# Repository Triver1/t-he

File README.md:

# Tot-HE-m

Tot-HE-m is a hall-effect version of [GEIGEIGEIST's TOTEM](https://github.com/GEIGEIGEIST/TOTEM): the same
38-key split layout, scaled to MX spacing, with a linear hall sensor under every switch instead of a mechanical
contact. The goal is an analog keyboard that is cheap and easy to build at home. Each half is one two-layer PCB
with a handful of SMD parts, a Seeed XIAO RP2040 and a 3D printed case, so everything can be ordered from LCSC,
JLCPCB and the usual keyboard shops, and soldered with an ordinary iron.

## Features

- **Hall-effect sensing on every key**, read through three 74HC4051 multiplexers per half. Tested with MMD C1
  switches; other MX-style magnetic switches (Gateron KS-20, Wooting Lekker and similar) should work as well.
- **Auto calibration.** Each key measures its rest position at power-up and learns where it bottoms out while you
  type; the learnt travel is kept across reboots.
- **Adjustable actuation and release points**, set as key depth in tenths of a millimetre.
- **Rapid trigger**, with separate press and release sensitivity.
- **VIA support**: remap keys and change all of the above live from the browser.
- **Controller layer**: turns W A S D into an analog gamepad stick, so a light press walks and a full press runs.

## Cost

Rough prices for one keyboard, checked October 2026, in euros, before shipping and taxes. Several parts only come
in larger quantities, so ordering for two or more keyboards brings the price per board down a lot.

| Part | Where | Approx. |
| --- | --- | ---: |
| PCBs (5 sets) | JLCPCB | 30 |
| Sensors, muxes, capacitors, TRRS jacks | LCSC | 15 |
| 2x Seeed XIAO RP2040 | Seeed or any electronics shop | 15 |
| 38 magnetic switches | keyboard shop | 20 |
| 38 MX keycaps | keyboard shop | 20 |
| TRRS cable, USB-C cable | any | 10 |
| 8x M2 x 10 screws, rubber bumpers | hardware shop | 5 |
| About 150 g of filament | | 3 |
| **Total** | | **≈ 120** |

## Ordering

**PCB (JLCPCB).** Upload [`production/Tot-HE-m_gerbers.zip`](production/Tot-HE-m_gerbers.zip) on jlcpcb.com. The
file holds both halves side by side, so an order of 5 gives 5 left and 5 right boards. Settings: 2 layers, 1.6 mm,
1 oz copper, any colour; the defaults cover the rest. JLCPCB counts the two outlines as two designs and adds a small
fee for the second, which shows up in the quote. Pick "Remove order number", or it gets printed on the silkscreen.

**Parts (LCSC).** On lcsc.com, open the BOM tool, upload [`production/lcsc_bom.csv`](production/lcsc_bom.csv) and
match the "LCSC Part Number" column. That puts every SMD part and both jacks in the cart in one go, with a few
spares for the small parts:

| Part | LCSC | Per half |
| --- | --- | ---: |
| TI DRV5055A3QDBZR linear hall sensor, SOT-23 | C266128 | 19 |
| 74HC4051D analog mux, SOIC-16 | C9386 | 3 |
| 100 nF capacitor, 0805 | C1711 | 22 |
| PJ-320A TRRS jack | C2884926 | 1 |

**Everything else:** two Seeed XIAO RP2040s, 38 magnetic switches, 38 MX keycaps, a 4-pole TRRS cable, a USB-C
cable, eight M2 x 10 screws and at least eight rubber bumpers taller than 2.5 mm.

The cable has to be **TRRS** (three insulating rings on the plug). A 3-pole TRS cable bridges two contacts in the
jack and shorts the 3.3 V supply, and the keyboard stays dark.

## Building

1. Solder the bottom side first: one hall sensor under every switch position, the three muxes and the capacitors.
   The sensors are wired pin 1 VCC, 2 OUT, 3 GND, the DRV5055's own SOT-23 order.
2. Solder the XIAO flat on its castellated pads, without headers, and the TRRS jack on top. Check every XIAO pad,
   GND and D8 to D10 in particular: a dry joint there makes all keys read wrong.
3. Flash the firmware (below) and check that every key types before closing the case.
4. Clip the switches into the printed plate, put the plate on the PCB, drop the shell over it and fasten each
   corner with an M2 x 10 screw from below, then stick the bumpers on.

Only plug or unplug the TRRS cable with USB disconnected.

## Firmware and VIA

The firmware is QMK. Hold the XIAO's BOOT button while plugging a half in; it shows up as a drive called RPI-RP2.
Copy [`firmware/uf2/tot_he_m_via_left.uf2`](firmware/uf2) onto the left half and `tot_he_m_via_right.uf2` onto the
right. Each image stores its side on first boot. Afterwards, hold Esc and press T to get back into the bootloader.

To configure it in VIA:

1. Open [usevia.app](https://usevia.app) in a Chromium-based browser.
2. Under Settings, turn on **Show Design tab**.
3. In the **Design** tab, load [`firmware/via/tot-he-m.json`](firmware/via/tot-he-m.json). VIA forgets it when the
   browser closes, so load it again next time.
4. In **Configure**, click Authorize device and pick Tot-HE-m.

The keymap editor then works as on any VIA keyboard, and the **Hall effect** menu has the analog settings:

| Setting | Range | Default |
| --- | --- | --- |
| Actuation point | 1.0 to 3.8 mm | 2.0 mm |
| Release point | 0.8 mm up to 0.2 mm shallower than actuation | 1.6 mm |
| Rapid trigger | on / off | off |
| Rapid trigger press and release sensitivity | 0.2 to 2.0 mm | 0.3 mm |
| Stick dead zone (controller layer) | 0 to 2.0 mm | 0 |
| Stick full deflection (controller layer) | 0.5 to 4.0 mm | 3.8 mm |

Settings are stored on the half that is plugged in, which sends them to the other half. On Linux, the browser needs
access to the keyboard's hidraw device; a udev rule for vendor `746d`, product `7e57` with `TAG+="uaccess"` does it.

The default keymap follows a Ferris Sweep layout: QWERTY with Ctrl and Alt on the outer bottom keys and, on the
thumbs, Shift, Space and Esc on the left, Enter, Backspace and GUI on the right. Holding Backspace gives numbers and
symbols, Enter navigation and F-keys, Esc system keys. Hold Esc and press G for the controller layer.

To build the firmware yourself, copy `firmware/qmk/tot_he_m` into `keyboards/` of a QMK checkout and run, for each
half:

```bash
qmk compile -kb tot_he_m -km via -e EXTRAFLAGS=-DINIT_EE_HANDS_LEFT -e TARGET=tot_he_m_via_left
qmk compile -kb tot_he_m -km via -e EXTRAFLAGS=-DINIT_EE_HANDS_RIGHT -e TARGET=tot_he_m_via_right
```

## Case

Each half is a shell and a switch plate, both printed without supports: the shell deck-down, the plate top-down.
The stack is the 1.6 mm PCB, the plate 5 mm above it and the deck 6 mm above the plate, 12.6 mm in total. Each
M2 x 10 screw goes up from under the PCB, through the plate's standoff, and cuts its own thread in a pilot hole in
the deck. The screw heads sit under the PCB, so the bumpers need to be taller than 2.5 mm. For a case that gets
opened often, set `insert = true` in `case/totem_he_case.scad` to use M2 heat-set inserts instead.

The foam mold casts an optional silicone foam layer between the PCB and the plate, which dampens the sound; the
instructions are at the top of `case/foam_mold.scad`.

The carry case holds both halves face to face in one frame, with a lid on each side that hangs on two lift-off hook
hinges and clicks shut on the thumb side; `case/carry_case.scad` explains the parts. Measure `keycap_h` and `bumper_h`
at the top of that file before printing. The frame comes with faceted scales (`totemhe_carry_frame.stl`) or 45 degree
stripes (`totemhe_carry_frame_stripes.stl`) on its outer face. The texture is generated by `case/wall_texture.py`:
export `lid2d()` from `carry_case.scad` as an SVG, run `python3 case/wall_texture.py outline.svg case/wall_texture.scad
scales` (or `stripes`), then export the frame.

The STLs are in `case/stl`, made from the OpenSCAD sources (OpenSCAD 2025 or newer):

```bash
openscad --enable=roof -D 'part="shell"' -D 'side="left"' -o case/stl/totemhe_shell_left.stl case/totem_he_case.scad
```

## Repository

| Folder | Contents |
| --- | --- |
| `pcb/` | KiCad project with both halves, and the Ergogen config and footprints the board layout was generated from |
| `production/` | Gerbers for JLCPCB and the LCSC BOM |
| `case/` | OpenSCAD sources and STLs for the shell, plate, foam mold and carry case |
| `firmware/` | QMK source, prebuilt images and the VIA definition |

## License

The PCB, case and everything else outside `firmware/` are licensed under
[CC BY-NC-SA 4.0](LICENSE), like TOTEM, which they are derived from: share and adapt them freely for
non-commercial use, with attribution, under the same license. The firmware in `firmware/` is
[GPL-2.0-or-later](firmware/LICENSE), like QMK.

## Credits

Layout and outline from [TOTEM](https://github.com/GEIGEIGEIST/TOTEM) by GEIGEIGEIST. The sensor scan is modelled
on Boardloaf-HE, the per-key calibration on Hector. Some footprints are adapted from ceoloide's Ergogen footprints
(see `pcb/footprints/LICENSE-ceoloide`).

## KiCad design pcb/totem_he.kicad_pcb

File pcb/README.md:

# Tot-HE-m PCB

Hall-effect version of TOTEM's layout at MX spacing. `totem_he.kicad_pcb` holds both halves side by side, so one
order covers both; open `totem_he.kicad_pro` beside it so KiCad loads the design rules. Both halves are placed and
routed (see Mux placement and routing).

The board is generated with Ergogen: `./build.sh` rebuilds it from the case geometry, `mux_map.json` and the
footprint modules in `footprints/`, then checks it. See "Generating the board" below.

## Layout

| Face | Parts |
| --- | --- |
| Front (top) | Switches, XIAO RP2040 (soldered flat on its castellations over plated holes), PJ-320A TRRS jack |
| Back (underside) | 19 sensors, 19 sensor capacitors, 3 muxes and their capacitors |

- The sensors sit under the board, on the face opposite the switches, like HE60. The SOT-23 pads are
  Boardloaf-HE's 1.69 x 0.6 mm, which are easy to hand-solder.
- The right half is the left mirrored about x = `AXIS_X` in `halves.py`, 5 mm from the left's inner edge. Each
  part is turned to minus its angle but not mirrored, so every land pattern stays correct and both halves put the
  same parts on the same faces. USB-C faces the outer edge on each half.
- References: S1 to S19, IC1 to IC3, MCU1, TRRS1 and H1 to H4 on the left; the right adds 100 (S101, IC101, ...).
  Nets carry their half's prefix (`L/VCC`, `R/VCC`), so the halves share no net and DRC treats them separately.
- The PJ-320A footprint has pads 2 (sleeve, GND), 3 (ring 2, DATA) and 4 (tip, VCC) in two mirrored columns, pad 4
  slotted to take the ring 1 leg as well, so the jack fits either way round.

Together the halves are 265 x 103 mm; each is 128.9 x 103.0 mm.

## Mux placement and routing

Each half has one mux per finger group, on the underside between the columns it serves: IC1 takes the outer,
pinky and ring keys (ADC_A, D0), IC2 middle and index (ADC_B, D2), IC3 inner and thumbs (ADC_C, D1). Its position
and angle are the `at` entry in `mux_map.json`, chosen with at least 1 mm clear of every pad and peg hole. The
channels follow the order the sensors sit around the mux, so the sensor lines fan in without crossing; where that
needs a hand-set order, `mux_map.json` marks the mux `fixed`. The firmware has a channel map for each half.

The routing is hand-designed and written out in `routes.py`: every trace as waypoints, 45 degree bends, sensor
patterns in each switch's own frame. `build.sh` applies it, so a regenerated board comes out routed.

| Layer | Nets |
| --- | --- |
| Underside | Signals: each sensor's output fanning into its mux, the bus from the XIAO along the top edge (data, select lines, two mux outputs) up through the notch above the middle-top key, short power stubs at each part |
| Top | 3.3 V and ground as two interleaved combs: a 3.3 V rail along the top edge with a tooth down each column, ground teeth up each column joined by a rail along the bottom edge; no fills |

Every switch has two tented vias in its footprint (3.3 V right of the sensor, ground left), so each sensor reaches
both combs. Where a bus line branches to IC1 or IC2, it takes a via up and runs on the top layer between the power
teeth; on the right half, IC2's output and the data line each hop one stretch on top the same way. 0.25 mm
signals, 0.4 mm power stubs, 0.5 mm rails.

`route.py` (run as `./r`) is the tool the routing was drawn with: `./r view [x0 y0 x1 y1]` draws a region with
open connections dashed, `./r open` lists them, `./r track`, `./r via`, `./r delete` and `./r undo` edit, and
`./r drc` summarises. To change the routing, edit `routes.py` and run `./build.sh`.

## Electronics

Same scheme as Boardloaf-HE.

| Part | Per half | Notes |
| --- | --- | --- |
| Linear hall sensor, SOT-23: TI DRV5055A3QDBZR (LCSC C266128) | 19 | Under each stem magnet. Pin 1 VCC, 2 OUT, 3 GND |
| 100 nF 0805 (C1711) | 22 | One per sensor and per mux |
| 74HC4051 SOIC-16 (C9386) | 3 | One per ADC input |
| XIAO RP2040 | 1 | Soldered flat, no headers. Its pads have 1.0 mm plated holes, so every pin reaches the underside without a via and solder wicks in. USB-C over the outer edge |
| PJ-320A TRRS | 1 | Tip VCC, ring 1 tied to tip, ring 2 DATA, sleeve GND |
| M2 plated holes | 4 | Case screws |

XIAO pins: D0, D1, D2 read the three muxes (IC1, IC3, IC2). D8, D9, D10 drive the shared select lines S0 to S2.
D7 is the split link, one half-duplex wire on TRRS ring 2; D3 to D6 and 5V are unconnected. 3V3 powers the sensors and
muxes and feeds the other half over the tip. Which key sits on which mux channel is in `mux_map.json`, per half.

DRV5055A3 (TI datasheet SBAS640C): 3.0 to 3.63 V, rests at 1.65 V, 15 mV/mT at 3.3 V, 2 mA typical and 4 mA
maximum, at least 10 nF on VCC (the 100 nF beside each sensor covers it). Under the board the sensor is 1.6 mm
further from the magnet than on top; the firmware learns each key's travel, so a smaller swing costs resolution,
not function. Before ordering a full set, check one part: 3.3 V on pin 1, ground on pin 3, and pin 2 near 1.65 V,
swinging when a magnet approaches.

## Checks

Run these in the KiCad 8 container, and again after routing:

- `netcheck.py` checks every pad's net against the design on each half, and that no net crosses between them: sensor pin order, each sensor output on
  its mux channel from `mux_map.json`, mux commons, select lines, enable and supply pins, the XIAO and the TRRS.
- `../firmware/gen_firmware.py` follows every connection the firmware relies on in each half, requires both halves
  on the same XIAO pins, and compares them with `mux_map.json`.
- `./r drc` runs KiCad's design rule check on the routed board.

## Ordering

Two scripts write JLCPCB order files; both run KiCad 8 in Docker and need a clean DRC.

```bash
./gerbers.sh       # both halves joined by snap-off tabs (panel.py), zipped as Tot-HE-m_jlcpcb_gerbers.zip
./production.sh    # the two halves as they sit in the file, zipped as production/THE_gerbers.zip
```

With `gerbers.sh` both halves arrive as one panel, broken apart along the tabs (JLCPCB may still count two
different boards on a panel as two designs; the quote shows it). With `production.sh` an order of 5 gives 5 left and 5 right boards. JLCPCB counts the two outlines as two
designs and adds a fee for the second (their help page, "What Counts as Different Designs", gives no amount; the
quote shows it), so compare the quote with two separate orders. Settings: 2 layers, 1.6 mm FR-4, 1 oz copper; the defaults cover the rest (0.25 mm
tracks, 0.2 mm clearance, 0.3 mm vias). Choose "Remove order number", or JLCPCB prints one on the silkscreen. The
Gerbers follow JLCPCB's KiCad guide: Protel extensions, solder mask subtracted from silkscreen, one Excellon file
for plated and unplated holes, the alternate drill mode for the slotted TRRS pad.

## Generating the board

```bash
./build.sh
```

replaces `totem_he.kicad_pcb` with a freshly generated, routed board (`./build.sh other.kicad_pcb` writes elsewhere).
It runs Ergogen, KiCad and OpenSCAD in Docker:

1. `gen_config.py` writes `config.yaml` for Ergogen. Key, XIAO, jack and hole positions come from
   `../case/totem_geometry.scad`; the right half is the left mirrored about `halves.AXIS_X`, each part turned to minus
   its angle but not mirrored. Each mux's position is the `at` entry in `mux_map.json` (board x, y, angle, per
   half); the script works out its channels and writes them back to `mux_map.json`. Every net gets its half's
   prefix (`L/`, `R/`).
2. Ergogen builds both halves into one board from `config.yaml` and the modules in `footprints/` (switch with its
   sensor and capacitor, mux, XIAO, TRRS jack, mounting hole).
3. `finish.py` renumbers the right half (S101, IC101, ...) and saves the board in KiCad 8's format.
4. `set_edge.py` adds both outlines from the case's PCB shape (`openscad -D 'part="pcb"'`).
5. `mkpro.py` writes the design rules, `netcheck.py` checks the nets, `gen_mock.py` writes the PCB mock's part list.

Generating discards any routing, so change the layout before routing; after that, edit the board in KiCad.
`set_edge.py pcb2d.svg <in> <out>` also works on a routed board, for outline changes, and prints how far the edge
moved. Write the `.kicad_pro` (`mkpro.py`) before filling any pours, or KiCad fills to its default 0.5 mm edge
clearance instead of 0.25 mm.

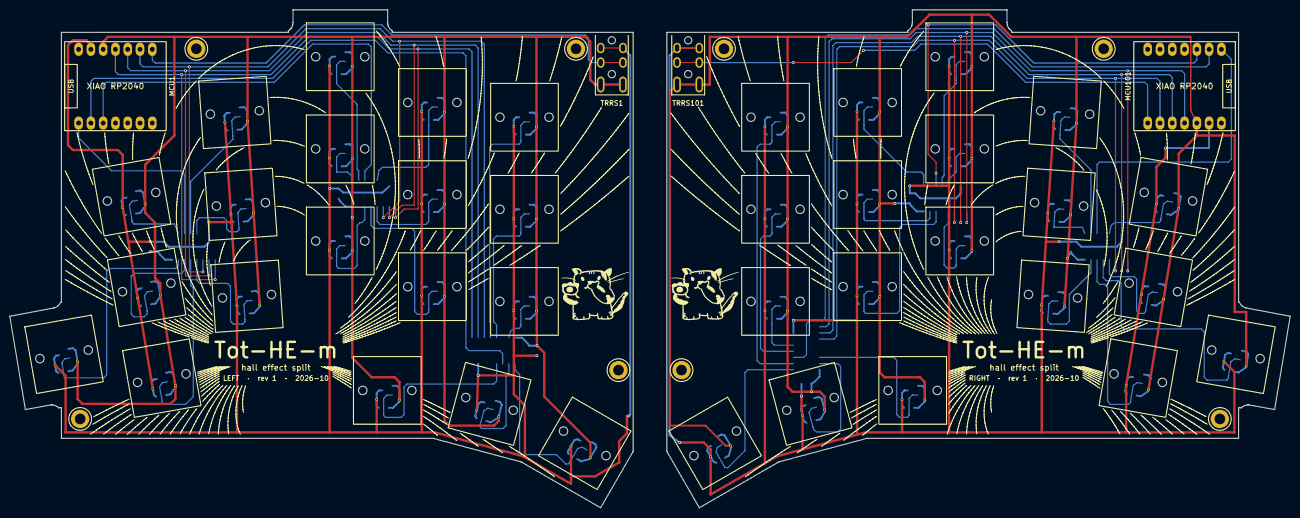
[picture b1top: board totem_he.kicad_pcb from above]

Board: 2 copper layers, 264.8 x 103.0 mm, 56 parts (0 on the bottom side), 56 nets.

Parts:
H1, H2, H3, H4, H101, H102, H103, H104: mounting_hole_plated
IC1, IC2, IC3, IC101, IC102, IC103: mux_4051
MCU1, MCU101: xiao_rp2040
S1, S2, S3, S4, S5, S6, S7, S8, S9, S10, S11, S12, S13, S14, S15, S16, S17, S18, S19, S101, S102, S103, S104, S105, S106, S107, S108, S109, S110, S111, S112, S113, S114, S115, S116, S117, S118, S119: switch_he
TRRS1, TRRS101: trrs_pj320a

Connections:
L/ADC_A: IC1.3, MCU1.1
L/ADC_B: IC2.3, MCU1.3
L/ADC_C: IC3.3, MCU1.2
L/DATA: MCU1.8, TRRS1.3
L/GND: IC1.6, IC1.7, IC1.8, IC1.C2, IC2.6, IC2.7, IC2.8, IC2.C2, IC3.6, IC3.7, IC3.8, IC3.C2, MCU1.13, S1.3, S1.C2, S2.3, S2.C2, S3.3, S3.C2, S4.3, S4.C2, S5.3, S5.C2, S6.3, S6.C2, S7.3, S7.C2, S8.3, S8.C2, S9.3, S9.C2, S10.3, S10.C2, S11.3, S11.C2, S12.3, S12.C2, S13.3, S13.C2, S14.3, S14.C2, S15.3, S15.C2, S16.3, S16.C2, S17.3, S17.C2, S18.3, S18.C2, S19.3, S19.C2, TRRS1.2
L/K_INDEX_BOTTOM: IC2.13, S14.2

> **What the task requires**
Out of the data above, transcribe exactly and only the lines starting with the line that has "on its outer" and going on through the line that has "[CC BY-NC-SA 4.0](LICENSE), like", both included.

> **Exercise result**
stripes (`totemhe_carry_frame_stripes.stl`) on its outer face. The texture is generated by `case/wall_texture.py`:
export `lid2d()` from `carry_case.scad` as an SVG, run `python3 case/wall_texture.py outline.svg case/wall_texture.scad
scales` (or `stripes`), then export the frame.

The STLs are in `case/stl`, made from the OpenSCAD sources (OpenSCAD 2025 or newer):

```bash
openscad --enable=roof -D 'part="shell"' -D 'side="left"' -o case/stl/totemhe_shell_left.stl case/totem_he_case.scad
```

## Repository

| Folder | Contents |
| --- | --- |
| `pcb/` | KiCad project with both halves, and the Ergogen config and footprints the board layout was generated from |
| `production/` | Gerbers for JLCPCB and the LCSC BOM |
| `case/` | OpenSCAD sources and STLs for the shell, plate, foam mold and carry case |
| `firmware/` | QMK source, prebuilt images and the VIA definition |

## License

The PCB, case and everything else outside `firmware/` are licensed under
[CC BY-NC-SA 4.0](LICENSE), like TOTEM, which they are derived from: share and adapt them freely for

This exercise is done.